Blood Draws

I will note that the body strips bones of calcium to maintain pH balance in the blood so I'm skeptical that blood draws are the optimal means to measure anything in the body
I'm working on adding a log. In the process, I tend to reread a lot of posts, check for typos, do some clean up. 

I work solo. Editing your own writing is extremely, extremely hard. 

You know what you meant. You may not know how stupid what you actually said sounds until you reread it months later.

I have been managing a serious, life-threatening medical condition for years. I track symptoms rather than get medical testing. There is an example of that on this site: Fingernails 

And I have repeatedly linked to a piece elsewhere called Skeptics with instructions to start a health journal and check it yourself. 

The reason I say I'm skeptical that blood draws are the optimal means to measure anything is because with it being known that the body strips calcium from the bones to maintain pH balance, that tells you that the body damages other tissues for the express purpose of giving the blood what it needs to function. So it absolutely is not a clear, bright line indication that everything is okay "because the blood levels are good."

If you have osteoporosis but your blood draws look good, your blood draws are lying. Everything is not okay.

So what else is modern medical practice missing because we do blood draws and test blood levels without really having a clear context in many cases as to what that means?

I was prone to anemia for years and suffered from restless leg syndrome. I read an article that said restless leg syndrome can be due to vitamin B deficiency or iron deficiency. 

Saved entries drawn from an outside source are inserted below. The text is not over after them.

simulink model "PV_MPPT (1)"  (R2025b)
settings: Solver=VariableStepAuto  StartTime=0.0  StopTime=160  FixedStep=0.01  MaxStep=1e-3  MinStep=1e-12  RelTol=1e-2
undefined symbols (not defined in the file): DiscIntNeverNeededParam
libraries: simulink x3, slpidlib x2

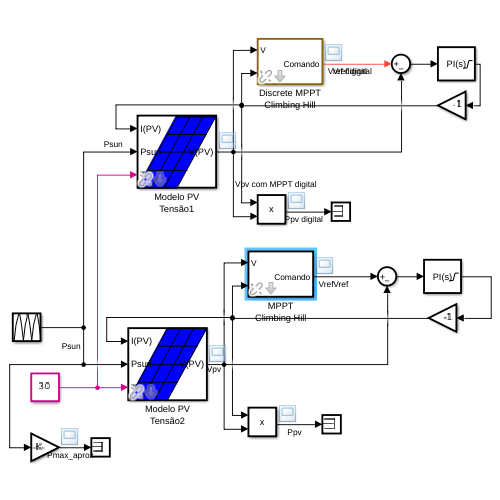
[thumbnail: Simulink's stored preview of the top-level diagram]
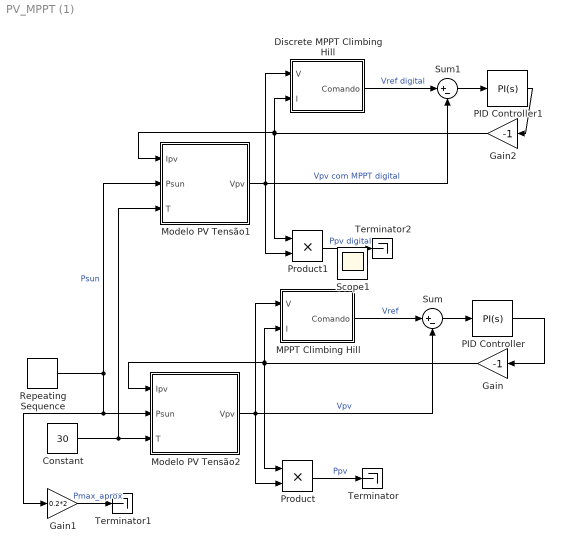
== system PV_MPPT (1) ==
  Constant : Constant  Value=30
  Discrete MPPT Climbing Hill : Subsystem  AncestorBlock=AvgModels/MPPT/MPPT Climbing Hill  mask(MPPT Hill Climbing){Ts=0.01, Passo=2, limsup=30*2, liminf=10*2, Inicial=25*2, sentido=Direto}
      mask prompts: Ts "Tempo de amostragem:"; Passo "Passo de variação"; limsup "Limite superior da saída:"; liminf "Limite inferior da saída:"; Inicial "Valor inicial:"; sentido "Direção do Comando:"
      mask help:
      | Algoritmo de rastreamento do ponto de máxima potência (MPPT).
      | Princípio da escalada ou Perturbe and Observe (P&O).
  Gain : Gain  Gain=-1
  Gain1 : Gain  Gain=0.2*2
  Gain2 : Gain  Gain=-1
  MPPT Climbing Hill : Subsystem  AncestorBlock=AvgModels/MPPT/MPPT Climbing Hill  mask(MPPT Hill Climbing){fb=100, Passo=2, limsup=30*2, liminf=15*2, Inicial=25*2, sentido=Direto}
      mask prompts: fb "Filtro de derivação:"; Passo "Passo de variação"; limsup "Limite superior da saída:"; liminf "Limite inferior da saída:"; Inicial "Valor inicial:"; sentido "Direção do comando:"
      mask help:
      | Algoritmo de rastreamento do ponto de máxima potência (MPPT).
      | Princípio da escalada ou Perturbe and Observe (P&O).
  Modelo PV Tensão1 : Subsystem  AncestorBlock=AvgModels/Fontes/Modelo PV Tensão  mask(Modelo PV de tensão){Ns=54, Voc=0.6093, Isc=8.21, Rs=0.005, Rp=7, Ms=2, Mp=1, Tr=273 + 25, a=3.18e-3, n=1.2, k=1.38e-23, q=1.60e-19, EG=1.1, tau=0.1, Psun=1000, Animar=off}
      mask prompts: Ns "Número de células"; Voc "Tensão de circuito aberto (Voc por célula)"; Isc "Corrente de curto-circuito (Isc)"; Rs "Resistência série da célula"; Rp "Resistência paralela da célula"; Ms "Módulos em Série"; Mp "Módulos em Paralelo"; Tr "Temperatura Ambiente (K)"; a "Coeficiente de temperatura de Isc:"; n "Fator de qualidade da junção p-n:"; k "Constante de Boltzmann:"; q "Carga do elétron:"; EG "Energia da banda proibida:"; tau "Contante de tempo (s):"; Psun "Irradiação de teste (W/m2):"; Animar "Animar em execução?"
      mask help:
      | Este é um modelo de tensão para painéis fotovoltaicos (sozinhos ou em arranjo).
      |
      | Fornece a tensão esperada de acordo com a corrente, a densidade de potência do sol e a temperatura ambiente.
      |
      | I(PV) é a corrente do arranjo fotovoltaico em Amperes.
      | Psun é a densidade de potência do sol em W/m2.
      | T é a temperatura ambiente em ºC.
      |
      | V(PV) é a tensão do arranjo fotovoltaico em Amperes.
      mask DialogControl ParameterGroupVar Prompt: Parâmetros
      mask DialogControl Container4 Prompt: Por módulo
      mask DialogControl Container6 Prompt: Local
      mask DialogControl Container5 Prompt: Constantes
      mask DialogControl Container9 Prompt: Verificação da curva.
      mask DialogControl Control2 Prompt: Verificar Curvas
      mask DialogControl Control2 Callback:
      | Psun = str2num(get_param(gcbh,'Psun'));
      | Tr = str2num(get_param(gcbh,'Tr'));
      | Voc = str2num(get_param(gcbh,'Voc'));
      | Isc = str2num(get_param(gcbh,'Isc'));
      | Rp = str2num(get_param(gcbh,'Rp'));
      | Rs = str2num(get_param(gcbh,'Rs'));
      | Ns = str2num(get_param(gcbh,'Ns'));
      | alpha = str2num(get_param(gcbh,'a'));
      | encontrapmax(Psun,Tr-273,Voc,Isc,Rp,Rs,Ns,alpha);
      mask Display:
      | % desenho detalhado
      | patch([0 .5 1 .5],[0 1 1 0],[0 0 1]);
      | plot([0 0.5],[0 1])
      | plot([0.5/3 0.5+0.5/3],[0 1])
      | plot([0.5/3 0.5+0.5/3]+0.5/3,[0 1])
      | plot([0.5 1],[0 1])
      | 
      | plot([0 0.5],[0 0])
      | plot([0 0.5]+0.125,[0 0]+0.25)
      | plot([0 0.5]+0.25,[0 0]+0.5)
      | plot([0 0.5]+0.25+0.125,[0 0]+0.75)
      | plot([0.5 1],[1 1])
      | 
      | 
      | port_label('output',1,'V(PV)');
      | 
      | port_label('input',1,'I(PV)');
      | port_label('input',2,'Psun');
      | port_label('input',3,'T');
  Modelo PV Tensão2 : Subsystem  AncestorBlock=AvgModels/Fontes/Modelo PV Tensão  mask(Modelo PV de tensão){Ns=54, Voc=0.6093, Isc=8.21, Rs=0.005, Rp=7, Ms=2, Mp=1, Tr=273 + 25, a=3.18e-3, n=1.2, k=1.38e-23, q=1.60e-19, EG=1.1, tau=0.1, Psun=1000, Animar=off}
      mask prompts: Ns "Número de células"; Voc "Tensão de circuito aberto (Voc por célula)"; Isc "Corrente de curto-circuito (Isc)"; Rs "Resistência série da célula"; Rp "Resistência paralela da célula"; Ms "Módulos em Série"; Mp "Módulos em Paralelo"; Tr "Temperatura Ambiente (K)"; a "Coeficiente de temperatura de Isc:"; n "Fator de qualidade da junção p-n:"; k "Constante de Boltzmann:"; q "Carga do elétron:"; EG "Energia da banda proibida:"; tau "Contante de tempo (s):"; Psun "Irradiação de teste (W/m2):"; Animar "Animar em execução?"
      mask help:
      | Este é um modelo de tensão para painéis fotovoltaicos (sozinhos ou em arranjo).
      |
      | Fornece a tensão esperada de acordo com a corrente, a densidade de potência do sol e a temperatura ambiente.
      |
      | I(PV) é a corrente do arranjo fotovoltaico em Amperes.
      | Psun é a densidade de potência do sol em W/m2.
      | T é a temperatura ambiente em ºC.
      |
      | V(PV) é a tensão do arranjo fotovoltaico em Amperes.
      mask DialogControl ParameterGroupVar Prompt: Parâmetros
      mask DialogControl Container4 Prompt: Por módulo
      mask DialogControl Container6 Prompt: Local
      mask DialogControl Container5 Prompt: Constantes
      mask DialogControl Container9 Prompt: Verificação da curva.
      mask DialogControl Control2 Prompt: Verificar Curvas
      mask DialogControl Control2 Callback:
      | Psun = str2num(get_param(gcbh,'Psun'));
      | Tr = str2num(get_param(gcbh,'Tr'));
      | Voc = str2num(get_param(gcbh,'Voc'));
      | Isc = str2num(get_param(gcbh,'Isc'));
      | Rp = str2num(get_param(gcbh,'Rp'));
      | Rs = str2num(get_param(gcbh,'Rs'));
      | Ns = str2num(get_param(gcbh,'Ns'));
      | alpha = str2num(get_param(gcbh,'a'));
      | encontrapmax(Psun,Tr-273,Voc,Isc,Rp,Rs,Ns,alpha);
      mask Display:
      | % desenho detalhado
      | patch([0 .5 1 .5],[0 1 1 0],[0 0 1]);
      | plot([0 0.5],[0 1])
      | plot([0.5/3 0.5+0.5/3],[0 1])
      | plot([0.5/3 0.5+0.5/3]+0.5/3,[0 1])
      | plot([0.5 1],[0 1])
      | 
      | plot([0 0.5],[0 0])
      | plot([0 0.5]+0.125,[0 0]+0.25)
      | plot([0 0.5]+0.25,[0 0]+0.5)
      | plot([0 0.5]+0.25+0.125,[0 0]+0.75)
      | plot([0.5 1],[1 1])
      | 
      | 
      | port_label('output',1,'V(PV)');
      | 
      | port_label('input',1,'I(PV)');
      | port_label('input',2,'Psun');
      | port_label('input',3,'T');
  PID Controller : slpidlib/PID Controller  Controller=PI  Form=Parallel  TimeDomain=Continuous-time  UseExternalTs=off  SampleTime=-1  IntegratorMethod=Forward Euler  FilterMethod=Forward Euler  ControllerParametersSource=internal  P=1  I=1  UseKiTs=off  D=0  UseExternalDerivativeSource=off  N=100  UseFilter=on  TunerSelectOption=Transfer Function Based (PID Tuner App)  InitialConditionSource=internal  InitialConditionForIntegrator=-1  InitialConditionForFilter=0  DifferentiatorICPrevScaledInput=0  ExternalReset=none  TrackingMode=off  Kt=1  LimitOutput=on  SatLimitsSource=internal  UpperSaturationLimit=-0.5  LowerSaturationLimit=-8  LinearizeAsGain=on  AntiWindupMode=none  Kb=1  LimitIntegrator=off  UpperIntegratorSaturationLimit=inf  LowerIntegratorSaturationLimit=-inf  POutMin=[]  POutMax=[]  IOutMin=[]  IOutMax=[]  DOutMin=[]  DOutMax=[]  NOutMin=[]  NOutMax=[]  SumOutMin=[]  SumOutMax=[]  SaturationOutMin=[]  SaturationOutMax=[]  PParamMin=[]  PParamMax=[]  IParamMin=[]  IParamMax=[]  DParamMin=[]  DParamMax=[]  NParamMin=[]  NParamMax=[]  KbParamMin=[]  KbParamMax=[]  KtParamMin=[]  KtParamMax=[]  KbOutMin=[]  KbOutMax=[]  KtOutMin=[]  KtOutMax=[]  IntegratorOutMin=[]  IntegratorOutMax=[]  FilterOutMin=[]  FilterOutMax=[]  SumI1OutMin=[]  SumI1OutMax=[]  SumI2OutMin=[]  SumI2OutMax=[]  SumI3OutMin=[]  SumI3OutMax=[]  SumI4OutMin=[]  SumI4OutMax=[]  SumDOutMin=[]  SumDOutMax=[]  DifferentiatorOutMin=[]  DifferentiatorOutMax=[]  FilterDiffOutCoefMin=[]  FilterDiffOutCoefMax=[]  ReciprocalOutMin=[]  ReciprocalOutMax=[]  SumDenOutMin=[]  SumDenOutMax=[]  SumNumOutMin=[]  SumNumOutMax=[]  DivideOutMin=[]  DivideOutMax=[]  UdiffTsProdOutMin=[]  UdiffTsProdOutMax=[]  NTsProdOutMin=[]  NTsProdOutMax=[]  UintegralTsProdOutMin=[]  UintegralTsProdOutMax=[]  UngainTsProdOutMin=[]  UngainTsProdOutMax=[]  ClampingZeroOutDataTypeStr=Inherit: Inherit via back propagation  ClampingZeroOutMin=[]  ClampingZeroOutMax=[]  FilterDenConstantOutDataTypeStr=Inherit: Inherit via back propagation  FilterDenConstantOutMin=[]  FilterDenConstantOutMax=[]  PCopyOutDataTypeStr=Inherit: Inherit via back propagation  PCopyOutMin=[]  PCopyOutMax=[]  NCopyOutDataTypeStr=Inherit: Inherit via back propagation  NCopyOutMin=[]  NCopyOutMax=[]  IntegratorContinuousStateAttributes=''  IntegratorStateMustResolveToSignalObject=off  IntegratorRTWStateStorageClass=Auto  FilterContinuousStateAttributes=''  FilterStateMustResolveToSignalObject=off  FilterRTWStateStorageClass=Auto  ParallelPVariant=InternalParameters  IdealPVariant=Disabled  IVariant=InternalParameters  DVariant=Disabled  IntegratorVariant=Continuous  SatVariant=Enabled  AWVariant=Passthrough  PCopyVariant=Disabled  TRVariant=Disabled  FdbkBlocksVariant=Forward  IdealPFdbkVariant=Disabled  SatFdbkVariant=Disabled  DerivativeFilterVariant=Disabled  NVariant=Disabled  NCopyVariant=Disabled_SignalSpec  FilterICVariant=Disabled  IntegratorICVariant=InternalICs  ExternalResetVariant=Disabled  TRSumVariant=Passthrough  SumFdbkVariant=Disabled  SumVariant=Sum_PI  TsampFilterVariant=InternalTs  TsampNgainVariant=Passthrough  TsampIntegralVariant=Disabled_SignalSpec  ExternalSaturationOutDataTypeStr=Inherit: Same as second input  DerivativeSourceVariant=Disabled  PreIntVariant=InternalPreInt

These are known underlying causes of anemia. So I began taking a B vitamin supplement at bedtime when my restless leg syndrome was keeping me awake and if that didn't resolve it, thirty minutes later I would take iron.

It's hard to poison yourself with B vitamins. It's entirely possible to get iron poisoning. So I was being conservative. 

At some point, I stopped being chronically anemic and eventually developed sudden onset symptoms of iron poisoning. I have a genetic disorder. I was like "What changed? WHERE was the iron hiding?"

I eventually concluded this was due to trypanasoma die off. Parasitic infections are known to scavenge iron. If something in your system dies, the body has to deal with the detritus and dump or resorb the nutritional building blocks involved. 

I can't recall the last time I explicitly treated for anemia. Most likely, my anemia was caused by a parasitic infection gobbling up all the iron it could get and making more nasty little beasties living inside me.

Without taking a tissue sample, you don't know. Blood draws aren't the whole picture and I'm not thrilled with the idea of doctors defaulting to tissue samples.

So my preference is symptom tracking and learning enough about pertinent pieces of the problem to make reasonable inferences.

Testing can be valuable. It finally got me a better name for my condition than "whiny bitch" or "hypochondriac." But I think there's room for improvement in how we assess medical stuff.

If you are trans, whether you DIY it or have a supervising physician, I think keeping a journal, reading a lot pertinent to your situation and figuring out how to track symptoms will serve you well even if you can and do get blood draws.

Blood draws are not a comprehensive picture and I'm not even trans. I'm some chick with a weirdo hobby who reads stuff on the internet and I've already seen discussions that suggest we don't really have a good idea of what is going on and blood draws aren't telling us what we need to know for the trans community.